In rough order of awesomeness:

Red, Kieslowski
Seven Samurai, Kurosawa
Kiki’s Delivery Service, Miyazaki
Drunken Master 2, Chia-Liang Liu
The Killer, Woo
Crouching Tiger, Hidden Dragon, Lee
Battle of Algiers, Pontecorvo
Run Lola Run, Tykwer
La Femme Nikita, Besson
Fucking Amal (or “Show Me Love”), Moodysson
Kung Fu Hustle, Chow
Das Boot, Petersen
Man on the Train, Laconte
Running Out of Time, Zahn
Raise the Red Lantern, Zhang
Metropolis, Lang
The 400 Blows, Truffaut
Intacto, Fresnadillo
Battleship Potemkin, Eisenstein
Battle Royale, Fukasaki

Yes, Battle Royale’s on there.

(Red is, btw, the best movie I’ve ever seen in my life.)

Summits of Bothell ride

Joel and I went out and did the Summits of Bothell ride today – it’s about 38 miles… and 3800′ of climbing. That’s not a typo. The ride’s great: they do a good job with support and everything, the food stops were really well stocked, the people were great, and the route, though it had some bumps I’m not sure any route could have avoided them: Bothell’s under crazy construction, the roads are torn up all over the place. Joel described it as “Chilly Hilly without the crowds” which is an apt description.
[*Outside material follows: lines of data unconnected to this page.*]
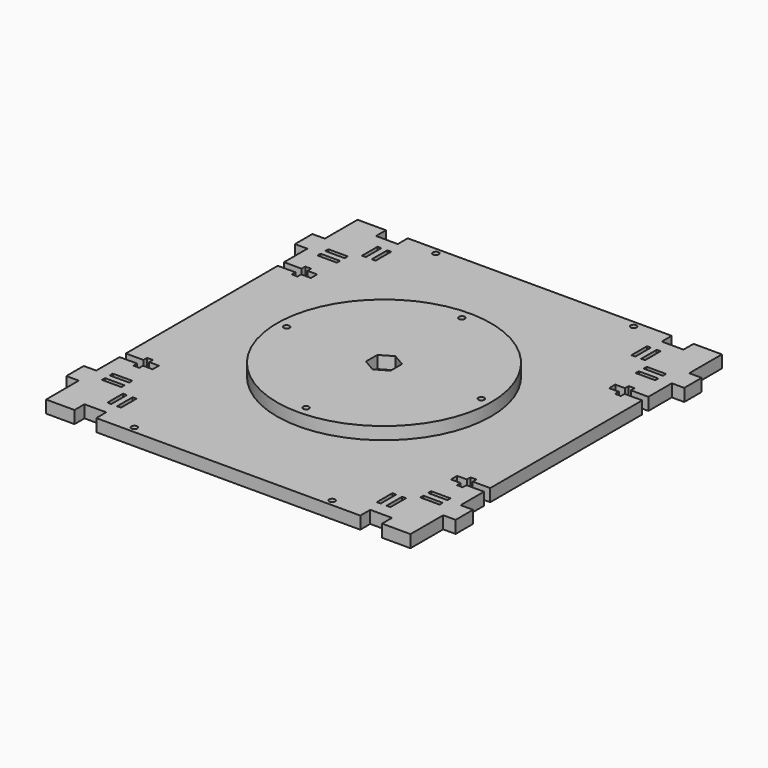
from build123d import *

# Parameters (mm, degrees)
F0_R     = 55
F0_R_2   = 1.5
F0_R_3   = 45
F1_DEPTH = 6.4
F2_DEPTH = 6
F0_R_4   = 85
F3_DEPTH = 6
F0_W     = 2
F0_H     = 10
F0_W_2   = 10
F0_H_2   = 2
F4_DEPTH = 6.4


with BuildPart() as f1:
    # F0 (on Top) → F1 (new body)
    with BuildSketch(Plane.XY):
        Circle(F0_R)
        with Locations((0, -50)):
            Circle(F0_R_2, mode=Mode.SUBTRACT)
        with Locations((-50, 0)):
            Circle(F0_R_2, mode=Mode.SUBTRACT)
        Circle(F0_R_3, mode=Mode.SUBTRACT)
        with Locations((50, 0)):
            Circle(F0_R_2, mode=Mode.SUBTRACT)
        with Locations((0, 50)):
            Circle(F0_R_2, mode=Mode.SUBTRACT)
        Circle(F0_R_3)
        Polygon((-6.35, 3.6661742094), (0, 7.3323484187), (6.35, 3.6661742094), (6.35, -3.6661742094), (0, -7.3323484187), (-6.35, -3.6661742094), align=None, mode=Mode.SUBTRACT)
    extrude(amount=F1_DEPTH)


with BuildPart() as f2:
    # F0 (on Top) → F2 (new body)
    with BuildSketch(Plane.XY):
        Circle(F0_R)
        with Locations((0, -50)):
            Circle(F0_R_2, mode=Mode.SUBTRACT)
        with Locations((-50, 0)):
            Circle(F0_R_2, mode=Mode.SUBTRACT)
        Circle(F0_R_3, mode=Mode.SUBTRACT)
        with Locations((50, 0)):
            Circle(F0_R_2, mode=Mode.SUBTRACT)
        with Locations((0, 50)):
            Circle(F0_R_2, mode=Mode.SUBTRACT)
    extrude(amount=F2_DEPTH)


with BuildPart() as f3:
    # F0 (on Top) → F3 (new body)
    with BuildSketch(Plane.XY):
        Circle(F0_R_4)
        Circle(F0_R, mode=Mode.SUBTRACT)
        Circle(F0_R)
        with Locations((0, -50)):
            Circle(F0_R_2, mode=Mode.SUBTRACT)
        with Locations((-50, 0)):
            Circle(F0_R_2, mode=Mode.SUBTRACT)
        Circle(F0_R_3, mode=Mode.SUBTRACT)
        with Locations((50, 0)):
            Circle(F0_R_2, mode=Mode.SUBTRACT)
        with Locations((0, 50)):
            Circle(F0_R_2, mode=Mode.SUBTRACT)
    extrude(amount=F3_DEPTH)


with BuildPart() as f4:
    # F0 (on Top) → F4 (new body)
    with BuildSketch(Plane.XY):
        Polygon((93.6, 78.994885087), (93.6, 100), (78.994885087, 100), (78.994885087, 93.6), (67.8103417158, 93.6), (67.8103417158, 100), (-67.8103417158, 100), (-67.8103417158, 93.6), (-78.994885087, 93.6), (-78.994885087, 100), (-93.6, 100), (-93.6, 78.994885087), (-100, 78.994885087), (-100, 67.8103417158), (-93.6, 67.8103417158), (-93.6, 52.7854223251), (-84.5765625, 52.7854223251), (-84.5765625, 55.1510473251), (-81.6, 55.1510473251), (-81.6, 52.7854223251), (-76.6, 52.7854223251), (-76.6, 48.7854223251), (-81.6, 48.7854223251), (-81.6, 46.4197973251), (-84.5765625, 46.4197973251), (-84.5765625, 48.7854223251), (-93.6, 48.7854223251), (-93.6, -48.7854223251), (-84.5765625, -48.7854223251), (-84.5765625, -46.4197973251), (-81.6, -46.4197973251), (-81.6, -48.7854223251), (-76.6, -48.7854223251), (-76.6, -52.7854223251), (-81.6, -52.7854223251), (-81.6, -55.1510473251), (-84.5765625, -55.1510473251), (-84.5765625, -52.7854223251), (-93.6, -52.7854223251), (-93.6, -67.8103417158), (-100, -67.8103417158), (-100, -78.994885087), (-93.6, -78.994885087), (-93.6, -100), (-78.994885087, -100), (-78.994885087, -93.6), (-67.8103417158, -93.6), (-67.8103417158, -100), (67.8103417158, -100), (67.8103417158, -93.6), (78.994885087, -93.6), (78.994885087, -100), (93.6, -100), (93.6, -78.994885087), (100, -78.994885087), (100, -67.8103417158), (93.6, -67.8103417158), (93.6, -52.7854223251), (84.5765625, -52.7854223251), (84.5765625, -55.1510473251), (81.6, -55.1510473251), (81.6, -52.7854223251), (76.6, -52.7854223251), (76.6, -48.7854223251), (81.6, -48.7854223251), (81.6, -46.4197973251), (84.5765625, -46.4197973251), (84.5765625, -48.7854223251), (93.6, -48.7854223251), (93.6, 48.7854223251), (84.5765625, 48.7854223251), (84.5765625, 46.4197973251), (81.6, 46.4197973251), (81.6, 48.7854223251), (76.6, 48.7854223251), (76.6, 52.7854223251), (81.6, 52.7854223251), (81.6, 55.1510473251), (84.5765625, 55.1510473251), (84.5765625, 52.7854223251), (93.6, 52.7854223251), (93.6, 67.8103417158), (100, 67.8103417158), (100, 78.994885087), align=None)
        with Locations((-50.7854223251, -96.8)):
            Circle(F0_R_2, mode=Mode.SUBTRACT)
        with Locations((-71.6977112889, -81.7467170954)):
            Rectangle(F0_W, F0_H, mode=Mode.SUBTRACT)
        with Locations((-66.6977112889, -81.7467170954)):
            Rectangle(F0_W, F0_H, mode=Mode.SUBTRACT)
        with Locations((-81.7467170954, -71.6977112889)):
            Rectangle(F0_W_2, F0_H_2, mode=Mode.SUBTRACT)
        with Locations((-81.7467170954, -66.6977112889)):
            Rectangle(F0_W_2, F0_H_2, mode=Mode.SUBTRACT)
        with Locations((50.7854223251, -96.8)):
            Circle(F0_R_2, mode=Mode.SUBTRACT)
        with Locations((66.6977112889, -81.7467170954)):
            Rectangle(F0_W, F0_H, mode=Mode.SUBTRACT)
        with Locations((71.6977112889, -81.7467170954)):
            Rectangle(F0_W, F0_H, mode=Mode.SUBTRACT)
        with Locations((81.7467170954, -71.6977112889)):
            Rectangle(F0_W_2, F0_H_2, mode=Mode.SUBTRACT)
        with Locations((81.7467170954, -66.6977112889)):
            Rectangle(F0_W_2, F0_H_2, mode=Mode.SUBTRACT)
        with Locations((-81.7467170954, 66.6977112889)):
            Rectangle(F0_W_2, F0_H_2, mode=Mode.SUBTRACT)
        with Locations((-81.7467170954, 71.6977112889)):
            Rectangle(F0_W_2, F0_H_2, mode=Mode.SUBTRACT)
        with Locations((-71.6977112889, 81.7467170954)):
            Rectangle(F0_W, F0_H, mode=Mode.SUBTRACT)
        with Locations((-66.6977112889, 81.7467170954)):
            Rectangle(F0_W, F0_H, mode=Mode.SUBTRACT)
        with Locations((-50.7854223251, 96.8)):
            Circle(F0_R_2, mode=Mode.SUBTRACT)
        Circle(F0_R_4, mode=Mode.SUBTRACT)
        with Locations((81.7467170954, 66.6977112889)):
            Rectangle(F0_W_2, F0_H_2, mode=Mode.SUBTRACT)
        with Locations((81.7467170954, 71.6977112889)):
            Rectangle(F0_W_2, F0_H_2, mode=Mode.SUBTRACT)
        with Locations((66.6977112889, 81.7467170954)):
            Rectangle(F0_W, F0_H, mode=Mode.SUBTRACT)
        with Locations((71.6977112889, 81.7467170954)):
            Rectangle(F0_W, F0_H, mode=Mode.SUBTRACT)
        with Locations((50.7854223251, 96.8)):
            Circle(F0_R_2, mode=Mode.SUBTRACT)
        Circle(F0_R_4)
        Circle(F0_R, mode=Mode.SUBTRACT)
        Circle(F0_R)
        with Locations((0, -50)):
            Circle(F0_R_2, mode=Mode.SUBTRACT)
        with Locations((-50, 0)):
            Circle(F0_R_2, mode=Mode.SUBTRACT)
        Circle(F0_R_3, mode=Mode.SUBTRACT)
        with Locations((50, 0)):
            Circle(F0_R_2, mode=Mode.SUBTRACT)
        with Locations((0, 50)):
            Circle(F0_R_2, mode=Mode.SUBTRACT)
    extrude(amount=F4_DEPTH)


with BuildPart() as f1_1:
    # F5: moved
    add(f1.part.moved(Location((0, 0, 6.4))))


solid = Compound([f2.part, f3.part, f4.part, f1_1.part])

If you’re into climbing-heavy rides, I totally recommend it. Low, low gearing recommended though. I’ve got a triple up front, but my gearing in back is really narrow, and I was pretty screwed once the grade got too steep.

Random notes:
It rained for the first hour. Riding in the rain sucks. Riding up steep hills in the rain sucks more, because if you lose traction, you’re screwed. Descending hills is no fun, either, because your brakes don’t work and if you lose traction, you’re roadkill. When that lifted, the ride got much more enjoyable.

Enjoyable, on any climbing-heavy ride, is relative.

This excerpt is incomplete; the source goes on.